(Dataset items)
○ ○ ○ ○

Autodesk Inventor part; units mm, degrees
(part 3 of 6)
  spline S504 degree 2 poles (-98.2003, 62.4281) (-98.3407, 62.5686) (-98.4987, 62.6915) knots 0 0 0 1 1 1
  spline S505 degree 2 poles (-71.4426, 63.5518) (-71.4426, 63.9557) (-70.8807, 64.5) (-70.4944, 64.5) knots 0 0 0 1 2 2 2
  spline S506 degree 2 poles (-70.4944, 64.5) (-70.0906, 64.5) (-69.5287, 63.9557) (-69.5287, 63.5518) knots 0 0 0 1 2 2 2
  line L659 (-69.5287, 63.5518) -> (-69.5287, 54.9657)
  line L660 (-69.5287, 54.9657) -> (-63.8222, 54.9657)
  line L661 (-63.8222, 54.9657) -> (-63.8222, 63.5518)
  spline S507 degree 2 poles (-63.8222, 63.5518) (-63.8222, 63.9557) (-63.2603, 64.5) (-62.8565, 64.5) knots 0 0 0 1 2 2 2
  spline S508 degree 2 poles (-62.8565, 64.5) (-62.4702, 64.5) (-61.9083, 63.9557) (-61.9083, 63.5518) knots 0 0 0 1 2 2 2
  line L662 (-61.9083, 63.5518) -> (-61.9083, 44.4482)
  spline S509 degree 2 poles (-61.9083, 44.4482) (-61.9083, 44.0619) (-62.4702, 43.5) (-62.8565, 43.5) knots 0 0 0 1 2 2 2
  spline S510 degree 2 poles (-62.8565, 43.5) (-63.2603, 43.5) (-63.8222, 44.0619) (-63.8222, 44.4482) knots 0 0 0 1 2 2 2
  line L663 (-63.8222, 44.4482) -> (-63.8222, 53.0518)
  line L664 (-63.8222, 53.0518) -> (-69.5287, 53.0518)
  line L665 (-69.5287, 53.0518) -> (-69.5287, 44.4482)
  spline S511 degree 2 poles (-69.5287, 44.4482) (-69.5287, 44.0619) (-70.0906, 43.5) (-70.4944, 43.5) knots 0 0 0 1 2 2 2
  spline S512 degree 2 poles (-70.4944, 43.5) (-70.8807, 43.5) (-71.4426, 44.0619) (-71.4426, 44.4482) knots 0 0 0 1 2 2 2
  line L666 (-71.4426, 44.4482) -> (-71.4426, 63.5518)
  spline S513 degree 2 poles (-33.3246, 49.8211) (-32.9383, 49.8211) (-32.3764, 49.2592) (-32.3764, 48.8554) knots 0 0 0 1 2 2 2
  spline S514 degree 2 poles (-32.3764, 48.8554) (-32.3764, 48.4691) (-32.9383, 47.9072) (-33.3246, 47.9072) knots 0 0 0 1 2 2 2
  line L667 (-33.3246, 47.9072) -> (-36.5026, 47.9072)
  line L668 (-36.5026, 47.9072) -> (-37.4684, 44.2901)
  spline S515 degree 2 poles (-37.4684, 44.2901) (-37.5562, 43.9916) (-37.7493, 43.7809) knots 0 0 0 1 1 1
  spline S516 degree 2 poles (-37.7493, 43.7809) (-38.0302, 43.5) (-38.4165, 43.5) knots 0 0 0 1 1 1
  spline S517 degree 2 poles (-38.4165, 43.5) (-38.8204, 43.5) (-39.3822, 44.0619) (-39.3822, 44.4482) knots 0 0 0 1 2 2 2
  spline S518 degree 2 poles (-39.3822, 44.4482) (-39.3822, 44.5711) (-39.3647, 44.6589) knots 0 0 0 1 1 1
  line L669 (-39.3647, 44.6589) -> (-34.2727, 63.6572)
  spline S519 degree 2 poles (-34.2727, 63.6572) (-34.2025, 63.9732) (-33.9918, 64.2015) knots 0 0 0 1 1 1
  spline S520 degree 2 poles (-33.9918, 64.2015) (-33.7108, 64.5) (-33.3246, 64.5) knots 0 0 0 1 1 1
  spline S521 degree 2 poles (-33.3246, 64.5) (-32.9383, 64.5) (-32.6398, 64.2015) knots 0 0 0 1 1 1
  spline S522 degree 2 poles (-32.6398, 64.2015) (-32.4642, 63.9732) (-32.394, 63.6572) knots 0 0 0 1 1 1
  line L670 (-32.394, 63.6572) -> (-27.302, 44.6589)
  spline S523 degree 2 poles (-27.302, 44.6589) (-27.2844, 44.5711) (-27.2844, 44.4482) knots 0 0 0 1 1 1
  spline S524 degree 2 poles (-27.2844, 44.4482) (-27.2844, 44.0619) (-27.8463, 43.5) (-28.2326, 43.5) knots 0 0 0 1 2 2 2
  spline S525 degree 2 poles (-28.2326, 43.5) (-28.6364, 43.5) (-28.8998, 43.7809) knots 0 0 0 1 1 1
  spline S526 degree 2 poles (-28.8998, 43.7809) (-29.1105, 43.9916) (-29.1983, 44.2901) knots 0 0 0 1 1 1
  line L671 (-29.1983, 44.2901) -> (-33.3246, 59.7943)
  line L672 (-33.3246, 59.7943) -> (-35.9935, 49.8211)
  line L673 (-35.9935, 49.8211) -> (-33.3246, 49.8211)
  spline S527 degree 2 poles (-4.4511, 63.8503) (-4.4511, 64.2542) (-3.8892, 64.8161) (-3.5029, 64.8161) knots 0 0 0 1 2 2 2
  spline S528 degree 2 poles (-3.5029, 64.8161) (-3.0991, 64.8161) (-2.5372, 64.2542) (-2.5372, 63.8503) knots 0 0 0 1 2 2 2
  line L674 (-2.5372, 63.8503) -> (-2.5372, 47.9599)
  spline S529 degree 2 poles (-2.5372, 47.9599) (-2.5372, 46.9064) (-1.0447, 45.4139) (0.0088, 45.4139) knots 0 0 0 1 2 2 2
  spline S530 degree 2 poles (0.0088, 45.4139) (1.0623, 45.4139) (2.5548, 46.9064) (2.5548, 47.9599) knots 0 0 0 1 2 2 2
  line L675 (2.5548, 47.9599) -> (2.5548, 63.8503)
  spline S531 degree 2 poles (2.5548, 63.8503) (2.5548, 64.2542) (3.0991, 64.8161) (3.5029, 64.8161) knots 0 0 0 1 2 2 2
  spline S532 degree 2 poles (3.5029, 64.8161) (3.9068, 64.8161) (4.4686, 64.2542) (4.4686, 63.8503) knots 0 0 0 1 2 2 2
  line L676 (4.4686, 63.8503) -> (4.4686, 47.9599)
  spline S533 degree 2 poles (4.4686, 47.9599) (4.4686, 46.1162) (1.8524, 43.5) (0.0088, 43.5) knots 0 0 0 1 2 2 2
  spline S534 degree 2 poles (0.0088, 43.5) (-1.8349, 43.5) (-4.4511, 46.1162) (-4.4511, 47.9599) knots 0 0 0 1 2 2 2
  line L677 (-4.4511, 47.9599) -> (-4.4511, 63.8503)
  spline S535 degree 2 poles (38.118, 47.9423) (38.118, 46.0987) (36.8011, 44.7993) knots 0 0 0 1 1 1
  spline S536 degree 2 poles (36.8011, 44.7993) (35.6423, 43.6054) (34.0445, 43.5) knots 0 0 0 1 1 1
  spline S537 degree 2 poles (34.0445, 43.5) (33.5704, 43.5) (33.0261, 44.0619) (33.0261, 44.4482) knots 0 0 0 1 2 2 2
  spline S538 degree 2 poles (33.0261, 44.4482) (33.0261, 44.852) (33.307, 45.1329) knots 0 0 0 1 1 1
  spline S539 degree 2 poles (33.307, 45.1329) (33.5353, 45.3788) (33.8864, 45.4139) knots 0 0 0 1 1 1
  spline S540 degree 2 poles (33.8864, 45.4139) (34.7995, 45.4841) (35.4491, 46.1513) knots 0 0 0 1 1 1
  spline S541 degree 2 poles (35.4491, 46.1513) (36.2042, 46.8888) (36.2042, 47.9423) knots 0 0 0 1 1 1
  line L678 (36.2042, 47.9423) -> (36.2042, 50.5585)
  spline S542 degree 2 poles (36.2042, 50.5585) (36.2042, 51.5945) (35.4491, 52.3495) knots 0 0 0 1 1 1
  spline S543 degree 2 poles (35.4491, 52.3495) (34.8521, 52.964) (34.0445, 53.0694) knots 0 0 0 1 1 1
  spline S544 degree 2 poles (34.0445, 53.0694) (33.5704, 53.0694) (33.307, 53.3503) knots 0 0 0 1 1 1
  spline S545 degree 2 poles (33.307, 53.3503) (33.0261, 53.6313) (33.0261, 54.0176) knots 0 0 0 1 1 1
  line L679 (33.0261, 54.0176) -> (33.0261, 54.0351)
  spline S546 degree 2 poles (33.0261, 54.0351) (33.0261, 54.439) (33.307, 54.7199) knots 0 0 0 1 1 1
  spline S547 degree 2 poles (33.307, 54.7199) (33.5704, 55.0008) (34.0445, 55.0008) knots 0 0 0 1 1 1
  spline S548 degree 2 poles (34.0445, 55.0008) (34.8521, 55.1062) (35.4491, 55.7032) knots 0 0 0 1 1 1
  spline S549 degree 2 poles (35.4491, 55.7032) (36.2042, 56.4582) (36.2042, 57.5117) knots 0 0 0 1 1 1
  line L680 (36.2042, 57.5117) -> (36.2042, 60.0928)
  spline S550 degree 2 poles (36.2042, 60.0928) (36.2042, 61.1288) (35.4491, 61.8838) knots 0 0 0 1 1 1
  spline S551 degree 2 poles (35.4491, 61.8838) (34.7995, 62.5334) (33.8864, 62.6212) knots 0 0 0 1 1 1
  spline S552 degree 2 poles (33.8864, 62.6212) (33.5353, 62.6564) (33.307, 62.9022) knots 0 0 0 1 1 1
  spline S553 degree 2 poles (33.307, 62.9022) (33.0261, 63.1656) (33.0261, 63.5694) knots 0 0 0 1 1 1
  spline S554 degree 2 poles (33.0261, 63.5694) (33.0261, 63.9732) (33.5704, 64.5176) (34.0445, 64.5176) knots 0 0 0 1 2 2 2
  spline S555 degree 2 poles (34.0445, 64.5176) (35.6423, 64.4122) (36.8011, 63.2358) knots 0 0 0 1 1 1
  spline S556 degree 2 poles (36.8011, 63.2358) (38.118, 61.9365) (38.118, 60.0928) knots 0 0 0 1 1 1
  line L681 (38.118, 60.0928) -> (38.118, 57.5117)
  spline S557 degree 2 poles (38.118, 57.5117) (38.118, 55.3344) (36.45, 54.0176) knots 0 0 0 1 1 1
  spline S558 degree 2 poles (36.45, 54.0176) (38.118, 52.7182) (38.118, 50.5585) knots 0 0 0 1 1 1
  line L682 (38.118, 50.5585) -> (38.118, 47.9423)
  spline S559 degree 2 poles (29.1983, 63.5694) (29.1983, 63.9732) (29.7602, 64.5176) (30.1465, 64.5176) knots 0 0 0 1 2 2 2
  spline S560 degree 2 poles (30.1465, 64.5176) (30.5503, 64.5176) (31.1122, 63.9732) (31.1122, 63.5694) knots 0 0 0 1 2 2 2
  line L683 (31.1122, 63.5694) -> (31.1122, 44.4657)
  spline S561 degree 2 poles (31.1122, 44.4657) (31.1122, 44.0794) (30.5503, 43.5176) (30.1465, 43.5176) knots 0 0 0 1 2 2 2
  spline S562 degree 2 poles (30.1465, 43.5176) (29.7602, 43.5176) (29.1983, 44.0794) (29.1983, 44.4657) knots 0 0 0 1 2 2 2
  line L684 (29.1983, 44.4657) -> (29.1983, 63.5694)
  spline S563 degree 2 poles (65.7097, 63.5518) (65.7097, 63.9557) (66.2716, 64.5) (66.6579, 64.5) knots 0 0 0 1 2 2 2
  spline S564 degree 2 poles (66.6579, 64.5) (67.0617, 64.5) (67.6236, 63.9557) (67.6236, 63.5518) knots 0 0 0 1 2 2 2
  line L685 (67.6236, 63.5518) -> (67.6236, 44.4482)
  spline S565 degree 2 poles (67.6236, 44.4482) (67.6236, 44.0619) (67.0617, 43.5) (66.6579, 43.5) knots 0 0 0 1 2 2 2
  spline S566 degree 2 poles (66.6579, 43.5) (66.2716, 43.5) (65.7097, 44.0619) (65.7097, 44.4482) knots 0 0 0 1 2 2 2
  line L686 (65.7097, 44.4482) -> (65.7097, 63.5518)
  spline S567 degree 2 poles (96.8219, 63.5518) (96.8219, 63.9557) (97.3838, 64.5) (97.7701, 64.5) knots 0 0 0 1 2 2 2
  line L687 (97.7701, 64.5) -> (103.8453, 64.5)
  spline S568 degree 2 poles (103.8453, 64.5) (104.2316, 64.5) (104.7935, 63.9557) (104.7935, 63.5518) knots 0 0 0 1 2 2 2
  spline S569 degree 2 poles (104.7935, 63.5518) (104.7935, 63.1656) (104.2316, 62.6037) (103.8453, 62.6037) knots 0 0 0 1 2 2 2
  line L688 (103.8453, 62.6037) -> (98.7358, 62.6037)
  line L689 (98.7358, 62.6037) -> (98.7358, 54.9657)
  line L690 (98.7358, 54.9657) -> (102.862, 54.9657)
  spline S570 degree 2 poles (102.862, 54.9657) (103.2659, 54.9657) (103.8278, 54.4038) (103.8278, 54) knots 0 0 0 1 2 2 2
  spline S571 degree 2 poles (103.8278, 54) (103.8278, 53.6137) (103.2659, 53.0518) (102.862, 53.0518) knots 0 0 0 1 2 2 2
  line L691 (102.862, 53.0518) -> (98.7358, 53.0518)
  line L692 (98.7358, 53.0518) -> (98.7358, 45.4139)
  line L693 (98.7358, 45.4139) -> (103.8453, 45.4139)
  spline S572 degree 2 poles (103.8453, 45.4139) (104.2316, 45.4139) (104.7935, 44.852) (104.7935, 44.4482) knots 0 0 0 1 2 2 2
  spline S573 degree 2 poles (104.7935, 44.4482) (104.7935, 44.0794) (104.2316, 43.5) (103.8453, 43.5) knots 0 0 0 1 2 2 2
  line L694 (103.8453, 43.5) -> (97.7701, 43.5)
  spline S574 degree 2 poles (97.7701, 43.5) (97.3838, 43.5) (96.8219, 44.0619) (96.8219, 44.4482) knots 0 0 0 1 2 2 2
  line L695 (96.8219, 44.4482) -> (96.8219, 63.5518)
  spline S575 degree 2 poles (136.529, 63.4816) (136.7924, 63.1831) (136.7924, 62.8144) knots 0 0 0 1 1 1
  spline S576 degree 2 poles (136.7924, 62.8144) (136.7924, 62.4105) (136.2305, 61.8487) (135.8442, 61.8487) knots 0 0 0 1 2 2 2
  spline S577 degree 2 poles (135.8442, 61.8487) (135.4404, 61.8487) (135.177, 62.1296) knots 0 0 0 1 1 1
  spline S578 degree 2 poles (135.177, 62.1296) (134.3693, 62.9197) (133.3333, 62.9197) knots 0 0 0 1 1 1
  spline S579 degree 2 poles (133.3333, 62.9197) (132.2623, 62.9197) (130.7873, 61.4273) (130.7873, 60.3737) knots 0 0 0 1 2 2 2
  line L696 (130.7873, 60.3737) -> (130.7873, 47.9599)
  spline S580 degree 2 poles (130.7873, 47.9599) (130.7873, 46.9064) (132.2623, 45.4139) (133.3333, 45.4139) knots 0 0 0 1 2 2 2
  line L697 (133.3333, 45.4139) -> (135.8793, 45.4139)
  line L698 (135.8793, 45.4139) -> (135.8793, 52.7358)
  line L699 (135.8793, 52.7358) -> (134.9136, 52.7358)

○ ○ ○ ○

WHAT YOU ARE ASKED TO DO
From the line that has "spline S544 degree" through the line that has "spline S546 degree", copy every line exactly as it appears above, and leave out all others.

RESULT
  spline S544 degree 2 poles (34.0445, 53.0694) (33.5704, 53.0694) (33.307, 53.3503) knots 0 0 0 1 1 1
  spline S545 degree 2 poles (33.307, 53.3503) (33.0261, 53.6313) (33.0261, 54.0176) knots 0 0 0 1 1 1
  line L679 (33.0261, 54.0176) -> (33.0261, 54.0351)
  spline S546 degree 2 poles (33.0261, 54.0351) (33.0261, 54.439) (33.307, 54.7199) knots 0 0 0 1 1 1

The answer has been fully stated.